The colossal gap between the ruling party and its political adversaries is usually ascribed to the level of society’s sympathies with the president that cannot help having an effect on United Russia’s own popularity. It is so to some extent, but only to some. There is a more fundamental reason why United Russia’s rating remains high and those of its political adversaries dwindle. Studies show certain changes in the correlation of previously “active” and “inert” strata that occurred in the last several years.

Back in the 1990’s, it was the least prosperous strata that were interested in politics (phenomenon of the so called “protest vote”). The tendency has reversed itself. Strata way down the hierarchic ladder are losing interest in politics. Either they vote “against everybody” or boycott the elections altogether. Russians with medium or high income are not particularly interested in politics either, and neither can they be called active supporters of the ruling party. All the same, United Russia has support from 52% of the respondents who evaluate their financial standing as fine and very fine, 44% of respondents who evaluate it as average, and 31% of the respondents appraising it as bad. Moreover, the majority of supporters of United Russia live in the provinces, mostly in medium and small townships. They are aged between 25 and 44. Most of them are not exactly prosperous. They have just made some money and their support of United Russia is like a deal – loyalty in return for non-interference.

Reaction of society to the situation, say, with cruelty in the barracks, machinations with housing projects, sentence to Oleg Scherbitsky (driver involved in the traffic accident where Altai Governor Mikhail Yevdokimov was killed), etc. indicates that this majority may promptly change its mind and political preferences. And that it will probably do so unless the authorities stop acting against this majority’s interests.

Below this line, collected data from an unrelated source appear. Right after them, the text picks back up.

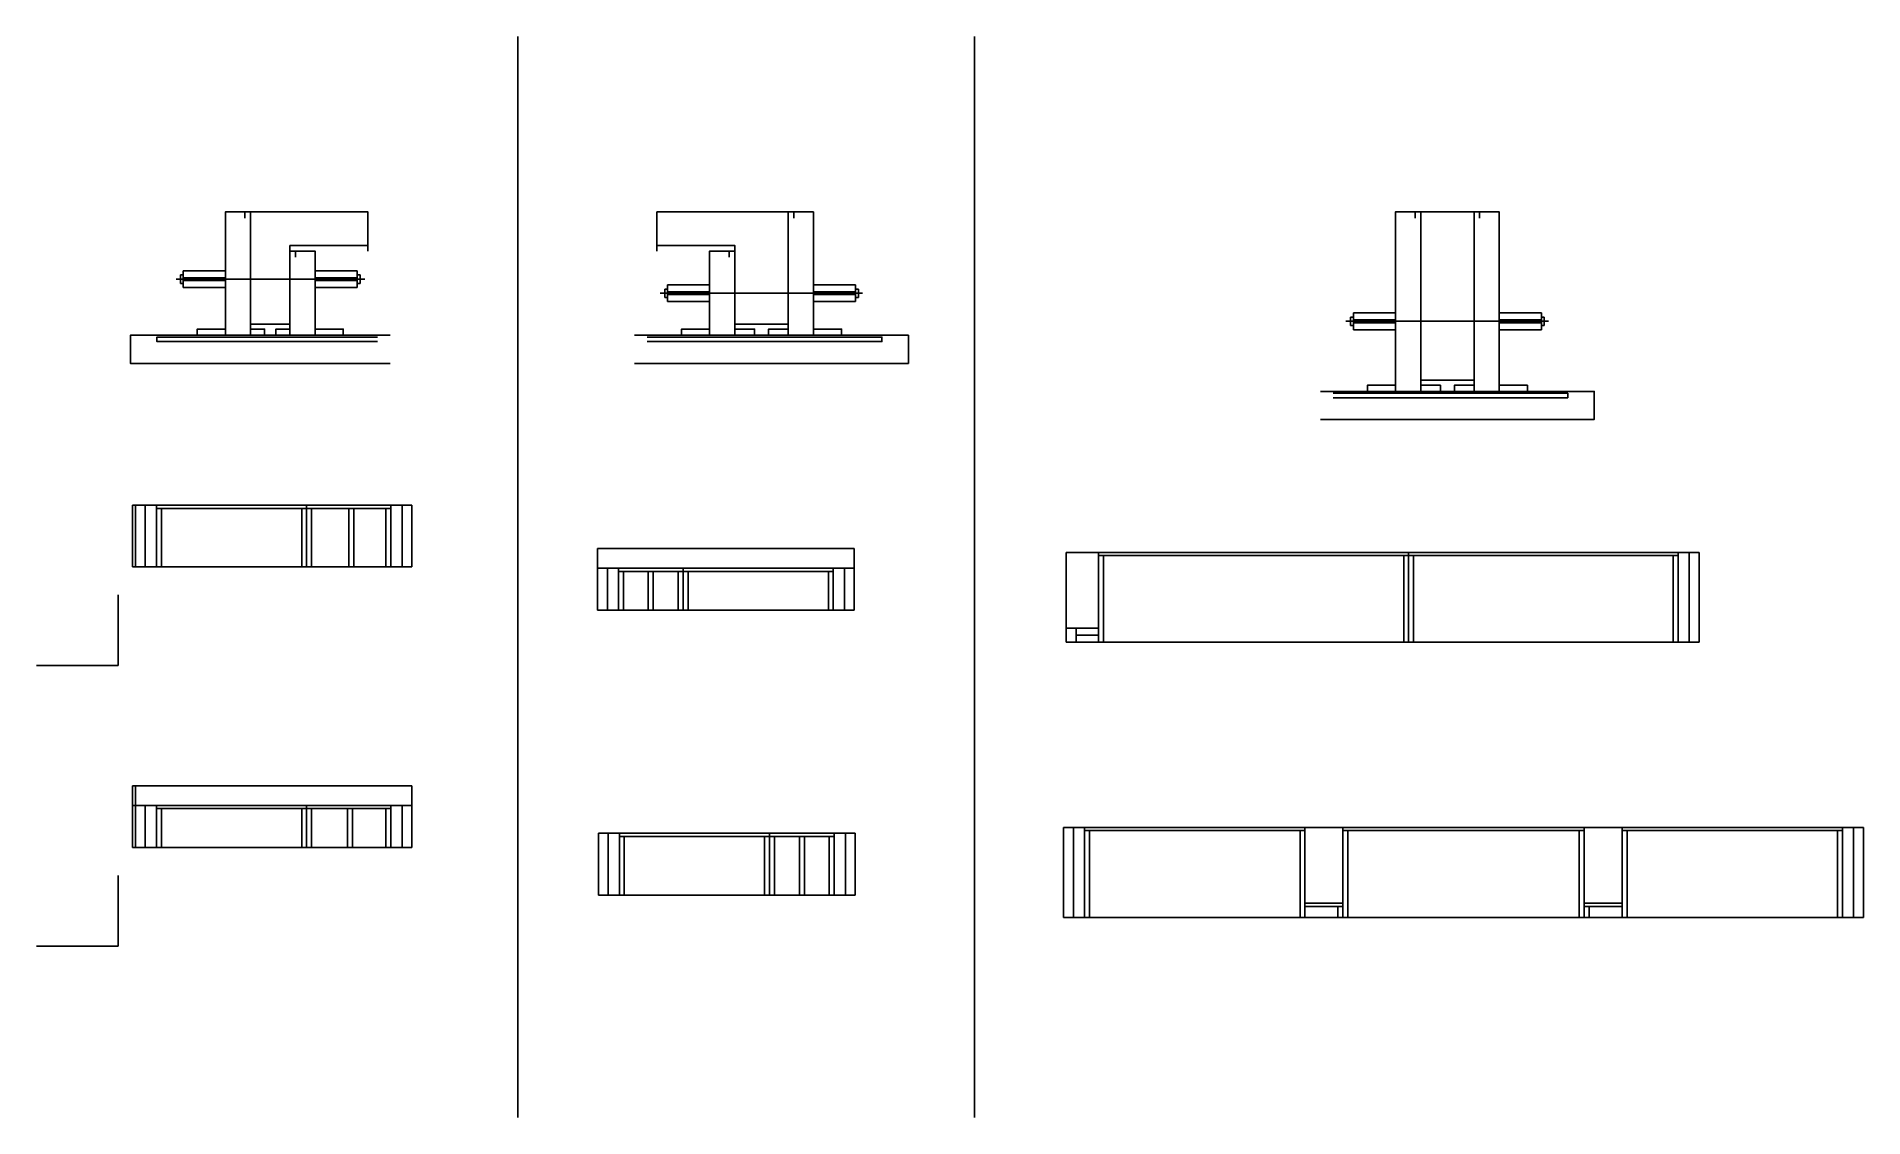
# Model space of a CAD drawing. Header units: metres. Extents: x 2817 to 4119, y 7353 to 8124.
import ezdxf

# ---------------------------------------------------------------- set-up
doc = ezdxf.new("R2010")
doc.units = ezdxf.units.M
for name, color, linetype in [('barrote', 7, 'Continuous'), ('CONCRETO', 7, 'Continuous'), ('COTA', 7, 'Continuous'), ('Madeira', 7, 'Continuous'), ('NOMENCLATURA', 7, 'Continuous'), ('Painéis', 7, 'Continuous'), ('SARR_2.2x7', 7, 'Continuous'), ('SARR_3.5x7', 7, 'Continuous'), ('SARR_EDITAR', 7, 'Continuous'), ('SCO-___-LAJ', 7, 'Continuous'), ('TENSOR', 7, 'Continuous')]:
    doc.layers.add(name, color=color, linetype=linetype)

msp = doc.modelspace()

# ---------------------------------------------------------------- linework, layer by layer
at = {"color": 7, "lineweight": 25}
for p, q in [((2921.3, 7956.6), (2921.3, 7944.6)), ((2921.3, 7956.6), (2951.3, 7956.6)), ((3045.3, 7956.6), (3015.3, 7956.6)), ((3045.3, 7956.6), (3045.3, 7944.6)), ((2919.3, 7953.6), (2919.3, 7947.6)), ((2921.3, 7953.6), (2919.3, 7953.6)), ((2921.3, 7947.6), (2919.3, 7947.6)), ((2951.3, 7951.6), (2921.3, 7951.6)), ((2951.3, 7949.6), (2921.3, 7949.6)), ((2921.3, 7944.6), (2951.3, 7944.6)), ((3015.3, 7951.6), (3045.3, 7951.6)), ((3015.3, 7949.6), (3045.3, 7949.6)), ((3045.3, 7944.6), (3015.3, 7944.6)), ((3047.3, 7953.6), (3045.3, 7953.6)), ((3045.3, 7947.6), (3047.3, 7947.6)), ((3047.3, 7953.6), (3047.3, 7947.6)), ((3264.4, 7943.6), (3264.4, 7937.6)), ((3264.4, 7943.6), (3266.4, 7943.6)), ((3266.4, 7946.6), (3266.4, 7934.6)), ((3266.4, 7946.6), (3296.4, 7946.6)), ((3296.4, 7941.6), (3266.4, 7941.6)), ((3400.4, 7946.6), (3370.4, 7946.6)), ((3370.4, 7941.6), (3400.4, 7941.6)), ((3400.4, 7946.6), (3400.4, 7934.6)), ((3400.4, 7943.6), (3402.4, 7943.6)), ((3402.4, 7943.6), (3402.4, 7937.6)), ((3266.4, 7937.6), (3264.4, 7937.6)), ((3296.4, 7939.6), (3266.4, 7939.6)), ((3266.4, 7934.6), (3296.4, 7934.6)), ((3370.4, 7939.6), (3400.4, 7939.6)), ((3400.4, 7934.6), (3370.4, 7934.6)), ((3400.4, 7937.6), (3402.4, 7937.6)), ((3753.1, 7923.6), (3753.1, 7917.6)), ((3753.1, 7923.6), (3755.1, 7923.6)), ((3755.1, 7917.6), (3753.1, 7917.6)), ((3755.1, 7926.6), (3755.1, 7914.6)), ((3755.1, 7926.6), (3785.1, 7926.6)), ((3785.1, 7921.6), (3755.1, 7921.6)), ((3785.1, 7919.6), (3755.1, 7919.6)), ((3889.1, 7926.6), (3859.1, 7926.6)), ((3859.1, 7921.6), (3889.1, 7921.6)), ((3859.1, 7919.6), (3889.1, 7919.6)), ((3889.1, 7926.6), (3889.1, 7914.6)), ((3889.1, 7923.6), (3891.1, 7923.6)), ((3889.1, 7917.6), (3891.1, 7917.6)), ((3891.1, 7923.6), (3891.1, 7917.6)), ((3755.1, 7914.6), (3785.1, 7914.6)), ((3889.1, 7914.6), (3859.1, 7914.6))]:
    msp.add_line(p, q, dxfattribs=at)
at = {"layer": 'barrote', "color": 7, "lineweight": 25}
for points in [[(3068.8, 7890.6), (2883.6, 7890.6), (2883.6, 7910.6), (3068.8, 7910.6)], [(3242.9, 7890.6), (3438.1, 7890.6), (3438.1, 7910.6), (3242.9, 7910.6)], [(3731.6, 7850.6), (3926.8, 7850.6), (3926.8, 7870.6), (3731.6, 7870.6)]]:
    msp.add_lwpolyline(points, dxfattribs=at)
at = {"layer": 'CONCRETO', "color": 7, "lineweight": 25}
for points in [[(3052.9, 7974.6), (3052.9, 7998.6), (2969.3, 7998.6), (2969.3, 7970.6), (2969.3, 7970.6), (2969.3, 7918.6), (2997.3, 7918.6), (2997.3, 7974.6)], [(3258.8, 7974.6), (3258.8, 7998.6), (3352.4, 7998.6), (3352.4, 7970.6), (3352.4, 7970.6), (3352.4, 7918.6), (3314.4, 7918.6), (3314.4, 7974.6)], [(3803.1, 7998.6), (3803.1, 7998.6), (3841.1, 7998.6), (3841.1, 7970.6), (3841.1, 7970.6), (3841.1, 7878.6), (3803.1, 7878.6), (3803.1, 7998.6)]]:
    msp.add_lwpolyline(points, dxfattribs=at)
at = {"layer": 'COTA', "color": 7, "lineweight": 25}
for p, q in [((3159.8, 8123.6), (3159.8, 7352.9)), ((3485.2, 8123.6), (3485.2, 7352.9)), ((3399.5, 7758.5), (3216.5, 7758.5)), ((3216.5, 7758.5), (3216.5, 7744.5)), ((3399.5, 7744.5), (3399.5, 7758.5)), ((3550.5, 7755.8), (3573.5, 7755.8)), ((3550.5, 7701.8), (3550.5, 7755.8)), ((3573.5, 7755.8), (3573.5, 7755.8)), ((2885.2, 7589.3), (3084.2, 7589.3)), ((2885.2, 7575.3), (2885.2, 7589.3)), ((3084.2, 7575.3), (3084.2, 7589.3)), ((3720.6, 7559.6), (3747.6, 7559.6)), ((3946.6, 7559.6), (3919.6, 7559.6))]:
    msp.add_line(p, q, dxfattribs=at)
at = {"layer": 'Madeira', "color": 7, "lineweight": 25}
for points in [[(2965.3, 7994.2), (2965.3, 7998.6), (2951.3, 7998.6), (2951.3, 7994.2)], [(2965.3, 7998.6), (2951.3, 7998.6), (2951.3, 7910.6), (2965.3, 7910.6)], [(3356.4, 7994.2), (3356.4, 7998.6), (3370.4, 7998.6), (3370.4, 7994.2)], [(3356.4, 7998.6), (3370.4, 7998.6), (3370.4, 7910.6), (3356.4, 7910.6)], [(3799.1, 7994.2), (3799.1, 7998.6), (3785.1, 7998.6), (3785.1, 7994.2)], [(3799.1, 7998.6), (3785.1, 7998.6), (3785.1, 7870.6), (3799.1, 7870.6)], [(3845.1, 7994.2), (3845.1, 7998.6), (3859.1, 7998.6), (3859.1, 7994.2)], [(3845.1, 7998.6), (3859.1, 7998.6), (3859.1, 7870.6), (3845.1, 7870.6)], [(3001.3, 7966.2), (3001.3, 7970.6), (3015.3, 7970.6), (3015.3, 7966.2)], [(3001.3, 7970.6), (3015.3, 7970.6), (3015.3, 7910.6), (3001.3, 7910.6)], [(3310.4, 7966.2), (3310.4, 7970.6), (3296.4, 7970.6), (3296.4, 7966.2)], [(3310.4, 7970.6), (3296.4, 7970.6), (3296.4, 7910.6), (3310.4, 7910.6)], [(2931.3, 7910.6), (2931.3, 7915), (2951.3, 7915), (2951.3, 7910.6)], [(2969.3, 7910.6), (2969.3, 7915), (2979.3, 7915), (2979.3, 7910.6)], [(2997.3, 7910.6), (2997.3, 7915), (2987.3, 7915), (2987.3, 7910.6)], [(3035.3, 7910.6), (3035.3, 7915), (3015.3, 7915), (3015.3, 7910.6)], [(3276.4, 7910.6), (3276.4, 7915), (3296.4, 7915), (3296.4, 7910.6)], [(3314.4, 7910.6), (3314.4, 7915), (3328.4, 7915), (3328.4, 7910.6)], [(3352.4, 7910.6), (3352.4, 7915), (3338.4, 7915), (3338.4, 7910.6)], [(3390.4, 7910.6), (3390.4, 7915), (3370.4, 7915), (3370.4, 7910.6)], [(3765.1, 7870.6), (3765.1, 7875), (3785.1, 7875), (3785.1, 7870.6)], [(3803.1, 7870.6), (3803.1, 7875), (3817.1, 7875), (3817.1, 7870.6)], [(3841.1, 7870.6), (3841.1, 7875), (3827.1, 7875), (3827.1, 7870.6)], [(3879.1, 7870.6), (3879.1, 7875), (3859.1, 7875), (3859.1, 7870.6)]]:
    msp.add_lwpolyline(points, dxfattribs=at)
at = {"layer": 'NOMENCLATURA', "color": 7, "lineweight": 25}
for p, q in [((2875, 7675.1), (2875, 7725.5)), ((2816.8, 7675.1), (2875, 7675.1)), ((2875, 7475), (2875, 7525.4)), ((2816.8, 7475), (2875, 7475))]:
    msp.add_line(p, q, dxfattribs=at)
at = {"layer": 'Painéis', "color": 7, "lineweight": 25}
for p, q in [((2885.2, 7789.4), (3084.2, 7789.4)), ((2885.2, 7745.4), (2885.2, 7789.4)), ((2887.2, 7745.4), (2887.2, 7789.4)), ((3009.2, 7745.4), (3009.2, 7789.4)), ((3084.2, 7745.4), (3084.2, 7789.4)), ((3573.5, 7755.8), (4001.5, 7755.8)), ((3573.5, 7701.8), (3573.5, 7755.8)), ((3794.5, 7691.8), (3794.5, 7755.8)), ((4001.5, 7691.8), (4001.5, 7755.8)), ((2885.2, 7745.4), (3084.2, 7745.4)), ((3216.5, 7744.5), (3399.5, 7744.5)), ((3216.5, 7714.5), (3216.5, 7744.5)), ((3277.5, 7714.5), (3277.5, 7744.5)), ((3399.5, 7714.5), (3399.5, 7744.5)), ((3216.5, 7714.5), (3399.5, 7714.5)), ((3550.5, 7691.8), (3550.5, 7701.8)), ((3550.5, 7701.8), (3573.5, 7701.8)), ((3550.5, 7691.8), (4001.5, 7691.8)), ((2887.2, 7545.3), (2887.2, 7589.3)), ((2885.2, 7575.3), (3084.2, 7575.3)), ((2885.2, 7545.3), (2885.2, 7575.3)), ((3009.2, 7545.3), (3009.2, 7575.3)), ((3084.2, 7545.3), (3084.2, 7575.3)), ((3217.1, 7555.5), (3400.1, 7555.5)), ((3217.1, 7511.5), (3217.1, 7555.5)), ((3339.1, 7511.5), (3339.1, 7555.5)), ((3400.1, 7511.5), (3400.1, 7555.5)), ((3548.6, 7559.6), (3720.6, 7559.6)), ((3548.6, 7495.6), (3548.6, 7559.6)), ((3720.6, 7505.6), (3720.6, 7559.6)), ((3747.6, 7495.6), (3747.6, 7559.6)), ((3747.6, 7559.6), (3919.6, 7559.6)), ((3919.6, 7495.6), (3919.6, 7559.6)), ((4118.6, 7559.6), (3946.6, 7559.6)), ((3946.6, 7505.6), (3946.6, 7559.6)), ((4118.6, 7495.6), (4118.6, 7559.6)), ((2885.2, 7545.3), (3084.2, 7545.3)), ((3217.1, 7511.5), (3400.1, 7511.5)), ((3747.6, 7505.6), (3720.6, 7505.6)), ((3919.6, 7505.6), (3946.6, 7505.6)), ((3548.6, 7495.6), (4118.6, 7495.6))]:
    msp.add_line(p, q, dxfattribs=at)
for points in [[(2965.3, 7998.6), (2969.3, 7998.6), (2969.3, 7910.6), (2965.3, 7910.6)], [(3356.4, 7998.6), (3352.4, 7998.6), (3352.4, 7910.6), (3356.4, 7910.6)], [(3799.1, 7998.6), (3803.1, 7998.6), (3803.1, 7870.6), (3799.1, 7870.6)], [(3845.1, 7998.6), (3841.1, 7998.6), (3841.1, 7870.6), (3845.1, 7870.6)], [(2997.3, 7970.6), (2997.3, 7974.6), (3052.9, 7974.6), (3052.9, 7970.6)], [(3001.3, 7970.6), (2997.3, 7970.6), (2997.3, 7910.6), (3001.3, 7910.6)], [(3314.4, 7970.6), (3314.4, 7974.6), (3258.8, 7974.6), (3258.8, 7970.6)], [(3310.4, 7970.6), (3314.4, 7970.6), (3314.4, 7910.6), (3310.4, 7910.6)], [(2969.3, 7915), (2969.3, 7918.6), (2997.3, 7918.6), (2997.3, 7915)], [(3352.4, 7915), (3352.4, 7918.6), (3314.4, 7918.6), (3314.4, 7915)], [(3841.1, 7875), (3841.1, 7878.6), (3803.1, 7878.6), (3803.1, 7875)]]:
    msp.add_lwpolyline(points, dxfattribs=at)
at = {"layer": 'SARR_2.2x7', "color": 7, "lineweight": 25}
for p, q in [((2894.2, 7745.4), (2894.2, 7789.4)), ((2902.2, 7787.2), (3009.2, 7787.2)), ((3009.2, 7787.2), (3069.2, 7787.2)), ((3077.2, 7745.4), (3077.2, 7789.4)), ((3573.5, 7753.6), (3794.5, 7753.6)), ((3794.5, 7753.6), (3986.5, 7753.6)), ((3994.5, 7691.8), (3994.5, 7755.8)), ((3223.5, 7714.5), (3223.5, 7744.5)), ((3231.5, 7742.3), (3277.5, 7742.3)), ((3277.5, 7742.3), (3384.5, 7742.3)), ((3392.5, 7714.5), (3392.5, 7744.5)), ((3557.5, 7691.8), (3557.5, 7701.8)), ((2894.2, 7545.3), (2894.2, 7575.3)), ((2902.2, 7573.1), (3009.2, 7573.1)), ((3009.2, 7573.1), (3069.2, 7573.1)), ((3077.2, 7545.3), (3077.2, 7575.3)), ((3224.1, 7511.5), (3224.1, 7555.5)), ((3232.1, 7553.3), (3339.1, 7553.3)), ((3339.1, 7553.3), (3385.1, 7553.3)), ((3393.1, 7511.5), (3393.1, 7555.5)), ((3555.6, 7495.6), (3555.6, 7559.6)), ((3563.6, 7557.4), (3720.6, 7557.4)), ((3919.6, 7557.4), (3747.6, 7557.4)), ((4103.6, 7557.4), (3946.6, 7557.4)), ((4111.6, 7495.6), (4111.6, 7559.6)), ((3720.6, 7503.4), (3747.6, 7503.4)), ((3946.6, 7503.4), (3919.6, 7503.4))]:
    msp.add_line(p, q, dxfattribs=at)
at = {"layer": 'SARR_3.5x7', "color": 7, "lineweight": 25}
for p, q in [((2902.2, 7789.4), (2902.2, 7745.4)), ((2905.7, 7787.2), (2905.7, 7745.4)), ((3005.7, 7787.2), (3005.7, 7745.4)), ((3009.2, 7787.2), (3009.2, 7745.4)), ((3012.7, 7787.2), (3012.7, 7745.4)), ((3039.4, 7787.2), (3039.4, 7745.4)), ((3042.9, 7787.2), (3042.9, 7745.4)), ((3065.7, 7787.2), (3065.7, 7745.4)), ((3069.2, 7789.4), (3069.2, 7745.4)), ((3573.5, 7755.8), (3573.5, 7691.8)), ((3577, 7753.6), (3577, 7691.8)), ((3791, 7753.6), (3791, 7691.8)), ((3794.5, 7753.6), (3794.5, 7691.8)), ((3798, 7753.6), (3798, 7691.8)), ((3983, 7753.6), (3983, 7691.8)), ((3986.5, 7755.8), (3986.5, 7691.8)), ((2902.2, 7745.4), (2905.7, 7745.4)), ((3005.7, 7745.4), (3009.2, 7745.4)), ((3009.2, 7745.4), (3012.7, 7745.4)), ((3231.5, 7744.5), (3231.5, 7714.5)), ((3235, 7742.3), (3235, 7714.5)), ((3252.7, 7742.3), (3252.7, 7714.5)), ((3256.2, 7742.3), (3256.2, 7714.5)), ((3274, 7742.3), (3274, 7714.5)), ((3277.5, 7742.3), (3277.5, 7714.5)), ((3281, 7742.3), (3281, 7714.5)), ((3381, 7742.3), (3381, 7714.5)), ((3384.5, 7744.5), (3384.5, 7714.5)), ((3231.5, 7714.5), (3235, 7714.5)), ((3274, 7714.5), (3277.5, 7714.5)), ((3277.5, 7714.5), (3281, 7714.5)), ((3381, 7714.5), (3384.5, 7714.5)), ((3791, 7691.8), (3794.5, 7691.8)), ((3794.5, 7691.8), (3798, 7691.8)), ((2902.2, 7575.3), (2902.2, 7545.3)), ((2905.7, 7573.1), (2905.7, 7545.3)), ((3005.7, 7573.1), (3005.7, 7545.3)), ((3009.2, 7573.1), (3009.2, 7545.3)), ((3012.7, 7573.1), (3012.7, 7545.3)), ((3038.4, 7573.1), (3038.4, 7545.3)), ((3041.9, 7573.1), (3041.9, 7545.3)), ((3065.7, 7573.1), (3065.7, 7545.3)), ((3069.2, 7575.3), (3069.2, 7545.3)), ((3232.1, 7555.5), (3232.1, 7511.5)), ((3235.6, 7553.3), (3235.6, 7511.5)), ((3335.6, 7553.3), (3335.6, 7511.5)), ((3339.1, 7553.3), (3339.1, 7511.5)), ((3342.6, 7553.3), (3342.6, 7511.5)), ((3360.4, 7553.3), (3360.4, 7511.5)), ((3363.9, 7553.3), (3363.9, 7511.5)), ((3381.6, 7553.3), (3381.6, 7511.5)), ((3385.1, 7555.5), (3385.1, 7511.5)), ((3563.6, 7559.6), (3563.6, 7495.6)), ((3567.1, 7557.4), (3567.1, 7495.6)), ((3717.1, 7557.4), (3717.1, 7495.6)), ((3720.6, 7557.4), (3720.6, 7495.6)), ((3747.6, 7557.4), (3747.6, 7495.6)), ((3751.1, 7557.4), (3751.1, 7495.6)), ((3916.1, 7557.4), (3916.1, 7495.6)), ((3919.6, 7557.4), (3919.6, 7495.6)), ((3946.6, 7557.4), (3946.6, 7495.6)), ((3950.1, 7557.4), (3950.1, 7495.6)), ((4100.1, 7557.4), (4100.1, 7495.6)), ((4103.6, 7559.6), (4103.6, 7495.6)), ((2902.2, 7545.3), (2905.7, 7545.3)), ((3005.7, 7545.3), (3009.2, 7545.3)), ((3009.2, 7545.3), (3012.7, 7545.3)), ((3232.1, 7511.5), (3235.6, 7511.5)), ((3335.6, 7511.5), (3339.1, 7511.5)), ((3339.1, 7511.5), (3342.6, 7511.5)), ((3381.6, 7511.5), (3385.1, 7511.5)), ((3744.1, 7503.4), (3744.1, 7495.6)), ((3923.1, 7503.4), (3923.1, 7495.6)), ((3563.6, 7495.6), (3567.1, 7495.6)), ((3744.1, 7495.6), (3747.6, 7495.6)), ((3747.6, 7495.6), (3751.1, 7495.6)), ((4103.6, 7495.6), (4100.1, 7495.6))]:
    msp.add_line(p, q, dxfattribs=at)
at = {"layer": 'SARR_EDITAR', "color": 7, "lineweight": 25}
msp.add_line((3557.5, 7696.8), (3573.5, 7696.8), dxfattribs=at)
at = {"layer": 'SCO-___-LAJ', "color": 7, "lineweight": 25}
for points in [[(3059.8, 7909.3), (2902.5, 7909.3), (2902.5, 7906.1), (3059.8, 7906.1)], [(3251.9, 7909.3), (3419.2, 7909.3), (3419.2, 7906.1), (3251.9, 7906.1)], [(3740.6, 7869.3), (3907.9, 7869.3), (3907.9, 7866.1), (3740.6, 7866.1)]]:
    msp.add_lwpolyline(points, dxfattribs=at)
at = {"layer": 'TENSOR', "color": 7, "lineweight": 25}
for p, q in [((2916.3, 7950.6), (3050.6, 7950.6)), ((3405.4, 7940.6), (3261.1, 7940.6)), ((3894.1, 7920.6), (3749.8, 7920.6))]:
    msp.add_line(p, q, dxfattribs=at)

doc.saveas('drawing.dxf')

There is also the opinion (debatable but fairly interesting all the same) that traditional political parties with fixed membership are becoming history, about to be replaced with some other forms of participation in politics and self-organization. In the meantime, chalking parties off as political fossils will be wrong yet. Studies show that mobilizational resources of political parties are considerable.

“Are you ready to participate in the work of a political party?” respondents were asked. Six per cent admitted that they were, 8% said they did not want formal membership but could become volunteers (participate in actions, collect signatures, and so on). Voting for the party in elections is the most acceptable variant of support for the majority of Russians. Thirty-five per cent of respondents chose it as the preferable form of participation in politics. In general, 50% of Russians are prepared to back a political party in whatever form, ranging from membership in it to voting for it. In the meantime, 41% of respondents would not support any party at all (14% do not see a party close to their convictions and views, and 27% fail to see any point in existence of political parties at all).

Problem of party leadership is also important, judging by opinion polls. Apart from Putin himself, 5 to 8 politicians have been in the focus of public attention for years now. Opinions polls indicate the growing need for new faces who would do more than hold forth on social justice, democracy, greatness of Russia, etc.

It is possible for Russian political parties to boost their clout with society. It requires a considerate strategy of party mobilization that will also include a search for new people, ideas, essences, and experiments with new forms of political self-organization. This is the only way of ensuring involvement of the new generation of Russians in politics.